Member of Legislative Assembly
- Incumbent
- Assumed office 2024
- Preceded by: Manvendra Singh
- Constituency: Dadraul

Personal details
- Born: Shahjahanpur
- Party: Bhartiya Janta Party
- Spouse: Mrs Baby Singh
- Children: 2

= Arvind Kumar Singh (Dadraul politician) =

Indian politician (1983)

Arvind Kumar Singh (born 1983) is an Indian politician from Uttar Pradesh. He is the member of the Uttar Pradesh Legislative Assembly from Dadraul Assembly constituency in Shahjahanpur district. He won the 2024 Uttar Pradesh Legislative Assembly by-elections representing the Bharatiya Janata Party. He is the son of late Manvendra Singh who died of a liver disease after prolonged illness at the Institute of Liver and Biliary Sciences in New Delhi on 5 January 2024.

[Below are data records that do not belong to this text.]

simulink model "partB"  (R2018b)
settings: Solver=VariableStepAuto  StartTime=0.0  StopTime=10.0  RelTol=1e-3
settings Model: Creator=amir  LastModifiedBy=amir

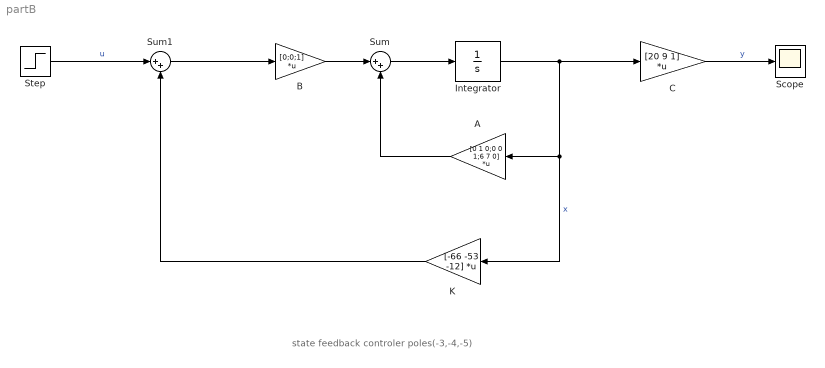
== system partB ==
  note: state feedback controler
      | poles(-3,-4,-5)
  A : Gain  Gain=[0 1 0;0 0 1;6 7 0]  Multiplication=Matrix(K*u) (u vector)
  B : Gain  Gain=[0;0;1]  Multiplication=Matrix(K*u) (u vector)
  C : Gain  Gain=[20 9 1]  Multiplication=Matrix(K*u) (u vector)
  Integrator : Integrator  InitialCondition=[1;1;1]
  K : Gain  Gain=[-66 -53 -12]  Multiplication=Matrix(K*u) (u vector)
  Scope : Scope
  Step : Step  SampleTime=0
  Sum : Sum  Inputs=|++
  Sum1 : Sum  Inputs=|++
  wires:
  K/1 -> Sum1/2
  Sum1/1 -> B/1
  C/1 -> Scope/1  "y"
  Integrator/1 -> K/1, A/1, C/1  "x"
  B/1 -> Sum/1
  A/1 -> Sum/2
  Sum/1 -> Integrator/1
  Step/1 -> Sum1/1  "u"
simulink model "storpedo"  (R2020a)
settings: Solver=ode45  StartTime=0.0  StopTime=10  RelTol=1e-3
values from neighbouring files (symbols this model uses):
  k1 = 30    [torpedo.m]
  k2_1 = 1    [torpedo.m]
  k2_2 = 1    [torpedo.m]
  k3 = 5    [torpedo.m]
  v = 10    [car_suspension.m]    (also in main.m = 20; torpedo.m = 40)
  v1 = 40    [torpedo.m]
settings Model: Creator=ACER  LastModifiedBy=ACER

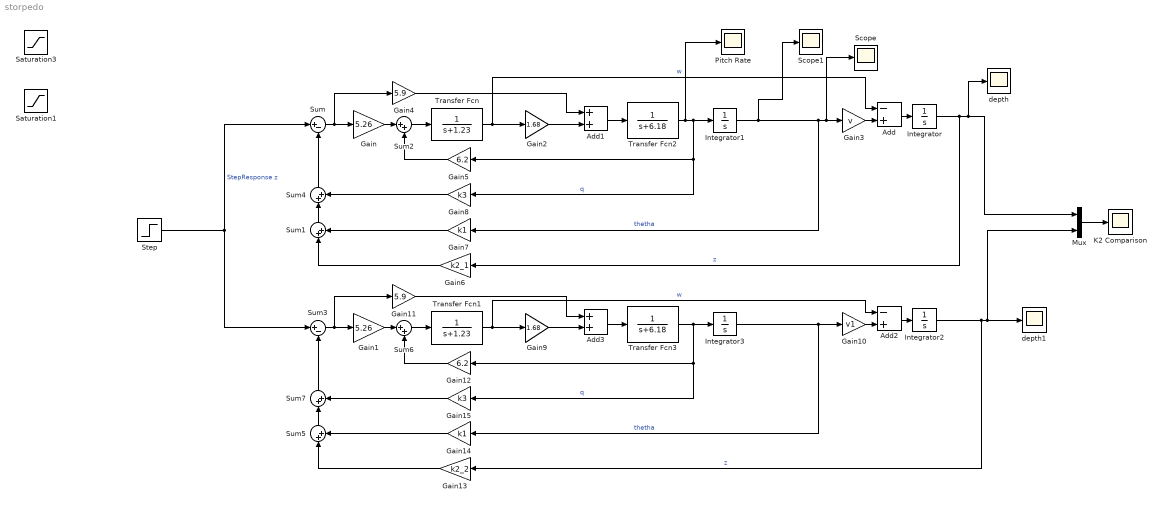
== system storpedo ==
  Add : Sum  Inputs=-+
  Add1 : Sum
  Add2 : Sum  Inputs=-+
  Add3 : Sum
  Gain : Gain  Gain=5.26
  Gain1 : Gain  Gain=5.26
  Gain10 : Gain  Gain=v1
  Gain11 : Gain  Gain=5.9
  Gain12 : Gain  Gain=6.2
  Gain13 : Gain  Gain=k2_2
  Gain14 : Gain  Gain=k1
  Gain15 : Gain  Gain=k3
  Gain2 : Gain  Gain=1.68
  Gain3 : Gain  Gain=v
  Gain4 : Gain  Gain=5.9
  Gain5 : Gain  Gain=6.2
  Gain6 : Gain  Gain=k2_1
  Gain7 : Gain  Gain=k1
  Gain8 : Gain  Gain=k3
  Gain9 : Gain  Gain=1.68
  Integrator{,1..3} (4 alike) : Integrator
  K2 Comparison : Scope
  Mux : Mux  Inputs=2
  "Pitch Rate " : Scope
  Saturation1 : Saturate  UpperLimit=5  LowerLimit=-5
  Saturation3 : Saturate  UpperLimit=5  LowerLimit=-5
  Scope : Scope
  Scope1 : Scope
  Step : Step  SampleTime=0
  Sum : Sum  Inputs=|+-
  Sum{1..2,4..7} (6 alike) : Sum  Inputs=|++
  Sum3 : Sum  Inputs=|+-
  Transfer Fcn : TransferFcn  Denominator=[1 1.23]
  Transfer Fcn1 : TransferFcn  Denominator=[1 1.23]
  Transfer Fcn2 : TransferFcn  Denominator=[1 6.18]
  Transfer Fcn3 : TransferFcn  Denominator=[1 6.18]
  depth : Scope
  depth1 : Scope
  wires:
  Sum/1 -> Gain/1, Gain4/1
  Gain/1 -> Sum2/1
  Sum2/1 -> Transfer Fcn/1
  Transfer Fcn/1 -> Add/1, Gain2/1  "w"
  Gain2/1 -> Add1/2
  Add1/1 -> Transfer Fcn2/1
  Transfer Fcn2/1 -> Integrator1/1, Gain8/1, Gain5/1, "Pitch Rate "/1  "q"
  Gain3/1 -> Add/2
  Gain4/1 -> Add1/1
  Gain5/1 -> Sum2/2
  Add/1 -> Integrator/1
  Integrator/1 -> Mux/1, depth/1, Gain6/1  "z"
  Gain6/1 -> Sum1/1
  Gain7/1 -> Sum1/2
  Sum1/1 -> Sum4/1
  Gain8/1 -> Sum4/2
  Sum4/1 -> Sum/2
  Integrator1/1 -> Gain7/1, Scope/1, Gain3/1, Scope1/1  "thetha"
  Integrator3/1 -> Gain14/1, Gain10/1  "thetha"
  Integrator2/1 -> depth1/1, Mux/2, Gain13/1  "z"
  Sum7/1 -> Sum3/2
  Sum5/1 -> Sum7/1
  Gain15/1 -> Sum7/2
  Gain13/1 -> Sum5/1
  Add2/1 -> Integrator2/1
  Gain9/1 -> Add3/2
  Transfer Fcn3/1 -> Integrator3/1, Gain15/1, Gain12/1  "q"
  Gain1/1 -> Sum6/1
  Gain14/1 -> Sum5/2
  Gain11/1 -> Add3/1
  Gain12/1 -> Sum6/2
  Sum6/1 -> Transfer Fcn1/1
  Sum3/1 -> Gain1/1, Gain11/1
  Add3/1 -> Transfer Fcn3/1
  Gain10/1 -> Add2/2
  Transfer Fcn1/1 -> Gain9/1, Add2/1  "w"
  Step/1 -> Sum3/1, Sum/1  "StepResponse z"
  Mux/1 -> K2 Comparison/1

== Early life and education ==
Singh was from Dadraul, Shahjahanpur district, Uttar Pradesh. He was the son of late Manvendra Singh. He completed his M.Com. in 2009 & LLB in 2007 at S. S. College, Shahjahanpur which is affiliated with M.J.P.R.U. Bareilly

== Career ==
Singh won from Dadraul Assembly constituency representing Bharatiya Janata Party in the 2024 Uttar Pradesh Legislative Assembly by-elections. He polled 105,972 votes and defeated his nearest rival, Avadhesh Kumar Verma of the Samajwadi Party, by a margin of 16,795 votes.